Closed reporider closed 5 years ago
Hi reporider, I don't know the answer yet but I do interested in your platform and test environments. How much slower is the 8bit? Are both model exactly the same structures?
@reporider .. On top of the information requested by @reporider , is it the case that you use CMSIS-NN API's for the 8 bit model and some reference(non CMSIS-NN) functions for the 16 bit?
Both models have the same structure and only use CMSIS-NN fully connected and Relu functions. Model consists of 10 layers (5 fully connected and 5 relu layers). 8-bit model has a runtime of 34ms and 16-bit model has a runtime of 23ms. Runtime is calculated as explained in the link below http://www.keil.com/support/docs/971.htm
@reporider I'll assume that your target has DSP extension and you are using from the subset of arm_fully_connected_q7/15() or arm_fully_connected_q7/15_opt() functions for my answer. Please correct me if that is not the case.
The commonality between the q7 and q15 functions is that they both use the __SMLAD intrinsic as the core of the optimization and has an operation in bits as 32 = 32 + (16 x 16) + (16 x 16). The 8 bit version requires an additional step to rearrange the input vector and the weights from 8 bits into 16 bits. For the input vector it uses the additional buffer provided in the argument and for the weights, it rearranges on the fly. This operation results in more cycles than the 16 bit version.
Hope that clarifies.
@felix-johnny I am using from the subset of arm_fully_connected_q7/15() or arm_fully_connected_q7/15_opt() functions as you said.
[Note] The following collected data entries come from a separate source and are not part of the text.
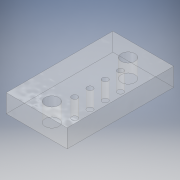
# Autodesk Inventor part: phone_holder_side_cap
Saved by Autodesk Inventor 2019 (Build 230136000, 136)
## iProperties
Created: 2019-02-17
Part Number: phone_holder_side_cap
Material: Acrylic, Clear
Document SubType Name: Modeling
Designer: suchanek
Density: 1.19 g/cm^3
Appearance: Transparent - Clear
Author: suchanek
Autodesk Inventor part; units mm, degrees
ref_plane "YZ Plane" through (0, 0, 0) normal (1, 0, 0) x (0, 1, 0)
ref_plane "XZ Plane" through (0, 0, 0) normal (0, 1, 0) x (-1, 0, 0)
ref_plane "XY Plane" through (0, 0, 0) normal (0, 0, 1) x (1, 0, 0)
sketch "Sketch2" plane through (0, 0, 0) normal (0, 1, 0) x (-1, 0, 0)
  line L0 (0, 0) -> (-20, 0)
  line L1 (-20, 0) -> (-20, 35)
  line L2 (-20, 35) -> (0, 35)
  line L3 (0, 35) -> (0, 0)
  circle A0 centre (-10, 5) radius 2.25
  circle A1 centre (-10, 30) radius 2.25
  circle A2 centre (-12.5, 10) radius 0.95
  circle A3 centre (-12.5, 15) radius 0.95
  circle A4 centre (-12.5, 20) radius 0.95
  circle A5 centre (-12.5, 25) radius 0.95
  dimension "d76" = 20
  dimension "d77" = 35
  dimension "d78" = 5
  dimension "d79" = 25
  dimension "d80" = 10
  dimension "d81" = 4.5
  dimension "d82" = 1.9
  dimension "d85" = 5
  dimension "d90" = 5
  dimension "d91" = 7.5
  constraints: 8 end point, 6 centre point, 2 parallel, 1 equal radius, 1 horizontal, 1 perpendicular, 1 vertical, 1 vertical alignment, 6 other
  measures "d76" distance of L1.end L2.end
  measures "d77" distance of L0.end L1.end
  measures "d78" distance from line of L0 A0.centre
  measures "d79" distance of A1.centre A0.centre
  measures "d80" distance from line of L3 A0.centre
  measures "d81" diameter of A1
  measures "d82" diameter of A2
  measures "d85" distance of A2.centre A3.centre
  measures "d90" vertical distance of A2.centre A0.centre
  measures "d91" distance from line of L1 A2.centre
extrude "Extrusion2" add sketch "Sketch2" along normal blind 6
body "Solid2"
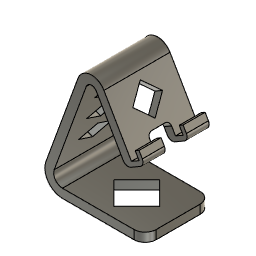
Handyhalterung v6 (Autodesk Fusion 360 design; units mm, degrees)
Autodesk Fusion 360 part; units mm, degrees
sketch "Skizze1" plane through (0, 0, 0) normal (0, 1, 0) x (1, 0, 0)
  line L0 (0, 0) -> (-75.0363, 0)
  line L1 (-90.0714, -21.4723) -> (-60.8666, -101.7116)
  line L2 (0, 0) -> (0, -8)
  line L3 (0, -8) -> (-75.0363, -8)
  line L4 (-82.5538, -18.7362) -> (-53.3491, -98.9755)
  line L5 (-44.3205, -99.7654) -> (-17.3205, -53)
  line L6 (-17.3205, -53) -> (0, -63)
  line L7 (0, -63) -> (-5.5, -72.5263)
  line L8 (-5.5, -72.5263) -> (-8.9641, -70.5263)
  line L9 (-8.9641, -70.5263) -> (-5.4641, -64.4641)
  line L10 (-5.4641, -64.4641) -> (-12.3923, -60.4641)
  line L11 (-12.3923, -60.4641) -> (-37.3923, -103.7654)
  arc A0 (-53.3491, -98.9755) -> (-44.3205, -99.7654) centre (-48.6506, -97.2654) ccw
  arc A1 (-60.8666, -101.7116) -> (-37.3923, -103.7654) centre (-48.6506, -97.2654) ccw
  arc A2 (-75.0363, 0) -> (-90.0714, -21.4723) centre (-75.0363, -16) ccw
  arc A3 (-75.0363, -8) -> (-82.5538, -18.7362) centre (-75.0363, -16) ccw
  dimension "d3" = 8
  dimension "d4" = 8
  dimension "d5" = 8
  dimension "d7" = 30
  dimension "d8" = 4
  dimension "d10" = 4
  dimension "d11" = 8
  dimension "d12" = 7
  dimension "d19" = 70
  dimension "d20" = 50
  dimension "d21" = 5
  dimension "d23" = 8
  dimension "d24" = 45
  constraint coincident L0.start L2.start
  constraint horizontal L0
  constraint perpendicular L0 L2
  constraint perpendicular L2 L3
  constraint perpendicular L6 L7
  constraint perpendicular L7 L8
  constraint perpendicular L6 L9
  constraint perpendicular L9 L10
  constraint parallel L5 L11
  constraint parallel L1 L4
  constraint tangent L5 A0
  constraint tangent L11 A1
  constraint tangent L1 A1
  constraint tangent L4 A0
  constraint concentric A0 A1
  constraint parallel L9 L11
  constraint tangent L0 A2
  constraint tangent L1 A2
  constraint tangent L3 A3
  constraint tangent L4 A3
  constraint coincident L2 L6.end
  constraint concentric A2 A3
  measures "d3" distance of L0.start L2.end
  measures "d4" distance of L1 L4
  measures "d5" distance of L5 L11
  measures "d7" angle of L2 L11
  measures "d8" distance of L6 L10
  measures "d10" distance of L7 L9
  measures "d11" distance of L9 L11
  measures "d12" distance of L8.end L9.end
  measures "d19" angle of L3 L4
  measures "d20" distance of L10.end L11.end
  measures "d21" radius of A0
  measures "d23" radius of A3
  measures "d24" distance of L3 L5.end
extrude "Extrusion1" add sketch "Skizze1" along normal mid plane 60
fillet "Abrundung1" radius 10 2 edges at (0, 30, 4) (0, -30, 4)
fillet "Abrundung2" radius 5 2 edges at (-17.3205, 0, 53) (0, 0, 63)
sketch "Skizze2" plane through (-86.4361, 0, 31.4602) normal (-0.939693, 0, 0.34202) x (0, -1, 0)
  line L0 (30, 74.7601) -> (-30, 74.7601)
  line L1 (-30, 74.7601) -> (-30, -10.6288)
  line L2 (-30, -10.6288) -> (30, -10.6288)
  line L3 (30, -10.6288) -> (30, 74.7601)
  line L4 (37, 74.7601) -> (69, 74.7601) construction
  line L5 (40.6572, -10.6288) -> (65.6572, -10.6288) construction
  line L6 (0, 60.3905) -> (-15, 53.4128)
  line L7 (-15, 53.4128) -> (0, 46.4352)
  line L8 (0, 46.4352) -> (15, 53.4128)
  line L9 (15, 53.4128) -> (0, 60.3905)
  line L10 (0, 96) -> (0, -24.4616) construction
  line L11 (-15, 32.0656) -> (0, 39.0433)
  line L12 (15, 32.0656) -> (0, 25.0879)
  line L13 (0, 25.0879) -> (-15, 32.0656)
  line L14 (0, 39.0433) -> (15, 32.0656)
  line L15 (-15, 10.7184) -> (0, 17.6961)
  line L16 (15, 10.7184) -> (0, 3.7407)
  line L17 (0, 17.6961) -> (15, 10.7184)
  line L18 (0, 3.7407) -> (-15, 10.7184)
  line L19 (54.5845, 53.4128) -> (42.5845, 53.4128) construction
  line L20 (44.9665, 10.7184) -> (55.9665, 10.7184) construction
  line L21 (44.2293, 32.0656) -> (77.6613, 32.0656) construction
  line L22 (-30, 117.5218) -> (-30, 95) construction
  line L23 (30, 116.8852) -> (30, 115.0039)
  line L24 (30, 115.0039) -> (30, 98.1735) construction
  line L25 (-15, 115.7395) -> (-15, 115.0001)
  line L26 (-15, 115.0001) -> (-15, 100.3356) construction
  line L27 (15, 114.7211) -> (15, 98.5535) construction
  dimension "d61" = 90.7098
  dimension "d62" = 13.9554
  dimension "d63" = 13.9554
  dimension "d64" = 13.9554
  constraint perpendicular L3 L4
  constraint perpendicular L3 L5
  constraint collinear L0 L4
  constraint collinear L2 L5
  constraint coincident L6.start L10
  constraint coincident L7.end L10
  constraint coincident L10 L15.end
  constraint coincident L10 L11.end
  constraint coincident L10 L12.end
  constraint coincident L10 L16.end
  constraint coincident L11.start L13.end
  constraint perpendicular L3 L19
  constraint symmetric L6.start L7.end L19
  constraint coincident L8.end L19
  constraint coincident L6.end L19
  constraint perpendicular L3 L20
  constraint coincident L11.start L21
  constraint coincident L12.start L21
  constraint coincident L15.start L20
  constraint coincident L16.start L20
  constraint symmetric L16.end L15.end L20
  constraint symmetric L11.end L12.end L21
  constraint vertical L22
  constraint vertical L23
  constraint parallel L23 L24
  constraint collinear L3 L24
  constraint collinear L1 L22
  constraint parallel L22 L25
  constraint parallel L22 L26
  constraint vertical L27
  constraint coincident L8.end L27
  constraint coincident L12.start L27
  constraint coincident L16.start L27
  constraint coincident L6.end L26
  constraint coincident L11.start L26
  constraint coincident L15.start L26
  measures "d62" distance of L6.start L7.end
  measures "d63" distance of L11.end L12.end
  measures "d64" distance of L16.end L15.end
sketch "Skizze3" plane through (0, 0, 0) normal (0, 0, -1) x (1, 0, 0)
  arc A0 (0, 20) -> (-10, 30) centre (-10, 20) ccw
  line L0 (-10, 30) -> (-75.0363, 30)
  line L1 (-75.0363, 30) -> (-75.0363, -30)
  line L2 (-75.0363, -30) -> (-10, -30)
  arc A1 (-10, -30) -> (0, -20) centre (-10, -20) ccw
  line L3 (0, -20) -> (0, 20)
  line L4 (-37.5181, 20.7692) -> (-16.7489, 0)
  line L5 (-16.7489, 0) -> (-37.5181, -20.7692)
  line L6 (-37.5181, -20.7692) -> (-58.2874, 0)
  line L7 (-58.2874, 0) -> (-37.5181, 20.7692)
  line L8 (14.0727, 0) -> (33.0727, 0) construction
  line L9 (16, 30) -> (33.0294, 30) construction
  line L10 (13, -30) -> (35, -30) construction
  line L11 (-37.5181, 48.9997) -> (-37.5181, 36.9997) construction
  line L12 (-75.0363, 50.8097) -> (-75.0363, 32.3583) construction
  line L13 (0, 50.8507) -> (0, 32.3183) construction
  dimension "d65" = 41.5385
  dimension "d66" = 60
  constraint perpendicular L4 L5
  constraint parallel L4 L6
  constraint parallel L5 L7
  constraint horizontal L8
  constraint perpendicular L3 L10
  constraint collinear L0 L9
  constraint collinear L2 L10
  constraint coincident L4.end L8
  constraint coincident L6.end L8
  constraint coincident L4.start L11
  constraint coincident L5.end L11
  constraint collinear L3 L13
  constraint collinear L1 L12
  measures "d65" distance of L4.start L5.end
  measures "d66" distance of L9 L10
sketch "Skizze4" plane through (0, 0, 0) normal (0, 1, 0) x (1, 0, 0)
  line L0 (-7.5, -75.9904) -> (-24.8205, -65.9904)
  line L1 (-24.8205, -65.9904) -> (-17.3205, -53)
  line L2 (-17.3205, -53) -> (0, -63)
  line L3 (0, -63) -> (-7.5, -75.9904)
  line L4 (-4.3301, -60.5) -> (-12.9904, -55.5)
  line L5 (-5.5, -72.5263) -> (-2.5, -67.3301)
  line L6 (-19.8205, -57.3301) -> (-44.3205, -99.7654)
  dimension "d68" = 15
  constraint perpendicular L0 L1
  constraint perpendicular L1 L2
  constraint perpendicular L2 L3
  constraint coincident L0.start L3.end
  constraint parallel L0 L4
  constraint collinear L3 L5
  constraint collinear L1 L6
  constraint collinear L2 L4
  measures "d68" distance of L2.end L0.start
extrude "Extrusion2" cut sketch "Skizze4" along normal mid plane 20
fillet "Abrundung3" radius 4 2 edges at (-21.3564, 10, 67.9904) (-21.3564, -10, 67.9904)
sketch "Skizze5" plane through (16.8875, 0, 9.75) normal (0.866025, 0, 0.5) x (0, 1, 0)
  line L0 (10, 65.5596) -> (10, 58.5596)
  line L1 (10, 58.5596) -> (30, 58.5596)
  line L2 (30, 58.5596) -> (30, 108.5596)
  line L3 (30, 108.5596) -> (-30, 108.5596)
  line L4 (-30, 108.5596) -> (-30, 58.5596)
  line L5 (-30, 58.5596) -> (-10, 58.5596)
  line L6 (-10, 58.5596) -> (-10, 65.5596)
  arc A0 (-6, 69.5596) -> (-10, 65.5596) centre (-6, 65.5596) ccw
  line L7 (-6, 69.5596) -> (6, 69.5596)
  arc A1 (10, 65.5596) -> (6, 69.5596) centre (6, 65.5596) ccw
  line L8 (13.5, 89.0596) -> (0, 102.5596)
  line L9 (0, 102.5596) -> (-13.5, 89.0596)
  line L10 (-13.5, 89.0596) -> (0, 75.5596)
  line L11 (0, 75.5596) -> (13.5, 89.0596)
  line L12 (13.5, 89.0596) -> (-13.5, 89.0596) construction
  line L13 (0, 102.5596) -> (0, 75.5596) construction
  line L14 (0, 132.171) -> (0, 54.7397)
  line L15 (57, 89.0596) -> (43, 89.0596) construction
  line L16 (42, 108.5596) -> (57, 108.5596) construction
  line L17 (43, 69.5596) -> (60, 69.5596) construction
  point P0 (0, 89.0596)
  dimension "d73" = 39
  dimension "d74" = 27
  constraint perpendicular L8 L9
  constraint parallel L8 L10
  constraint parallel L9 L11
  constraint coincident L12 P0
  constraint coincident L13 P0
  constraint coincident P0 L14
  constraint coincident L8.end L14
  constraint horizontal L15
  constraint horizontal L16
  constraint horizontal L17
  constraint collinear L7 L17
  constraint collinear L3 L16
  constraint collinear L12 L15
  measures "d73" distance of L16 L17
  measures "d74" distance of L8.end L10.end
extrude "Extrusion3" cut sketch "Skizze5" against normal up to surface (8 mm away) contours L8 L11 L14 | L9 L10 L14
extrude "Extrusion4" cut sketch "Skizze3" against normal up to surface (8 mm away) contours L4 L5 L6 L7
extrude "Extrusion5" cut sketch "Skizze2" against normal up to surface (8 mm away) contours L6 L7 L8 L9 | L11 L12 L13 L14 | L15 L16 L17 L18
equation "angle = 30 deg"
equation "d4 = d3"
equation "d5 = d3"
equation "d7 = angle"
equation "d8 = d3 / 2"
equation "thickness = 8 mm"
equation "d10 = d8"
equation "d11 = thickness"
equation "d12 = bracket_depth"
equation "bracket_depth = 7 mm"
equation "length = 150 mm"
equation "width = 60 mm"
equation "cable_width = 20 mm"
equation "d20 = length / 3"
equation "d24 = platform_height"
equation "platform_height = 45 mm"
equation "d26 = width / 2"
equation "d50 = 45.35489 mm / 3"
equation "d53 = 90.709781 mm / 13"
equation "d54 = d53"
equation "d56 = 90.709781 mm * 3 / 14"
equation "d62 = 90.709781 mm * 2 / 13"
equation "d63 = d62"
equation "d64 = d62"
equation "d65 = 60.00 mm * 9 / 13"
equation "d69 = cable_width / 2"
equation "d74 = 39.00 mm * 9 / 13"

Also in the CNN model (4 CNN layers followed by 2 fully connected layers), the 8-bit CNN model has a run-time of 297ms and 16-bit CNN model has a run-time of 655ms. Can you clarify this confusion as the 8-bit model has less run-time compared to 16-bit model unlike the previous model with only fully connected layers? I use the following functions in CNN model
->arm_convolve_HWC_q7/q15_fast_nonsquare() ->arm_fully_connected_q7/15()
@reporider I did a quick check on the cycles for arm_convolve_HWC_q7/q15_fast_nonsquare() using a tensor of size 16x16x32 ; kernel of size 4x4x32x32; output size of 13x13x32 and using ARM Compiler 6 @ -02 optimization level on Cortex M7 target(ST Nucleo board). The q7 version was relatively slower(~30 %) than the q15 version. They use differing variants of im2col optimization technique and is fair to say that won't match in terms of cycles consumed.
With the details provided, I am not sure why see a lower performance for the 16 bit version. You could profile the functions one at a time and check. But, if you would like us to check, please provide all of the information below.
@felix-johnny Please find the information below and help me to understand runtimes for 8-bit and 16-bit CNN models.
1.API calls and arguments CNN model architecture (API arguments are similar to cifar10 example) arm_convolve_HWC_q7/q15_fast_nonsquare arm_relu_q7/q15 arm_convolve_HWC_q7/q15_fast_nonsquare arm_relu_q7/q15 arm_convolve_HWC_q7/q15_fast_nonsquare arm_relu_q7/q15 arm_convolve_HWC_q7/q15_fast_nonsquare arm_relu_q7/q15 arm_fully_connected_q7/q15 arm_relu_q7/q15 arm_fully_connected_q7/q15 arm_softmax_q7/q15
parameters.h (8-bit/16bit)
@reporider Is it this example that you are trying to work out? https://github.com/ARM-software/ML-examples/blob/master/cmsisnn-cifar10/code/m4/nn.cpp
@felix-johnny yes, but the application is not for image classification. Please let me know if you need more information to check runtimes of 8bit/16bit CNN models.
The question is about run-time for 8-bit(using 8-bit library functions) Cifar-10 and 16-bit(using 16-bit library functions) Cifar-10 examples. 8-bit model takes more time than 16-bit models? Can anyone explain the reason behind this?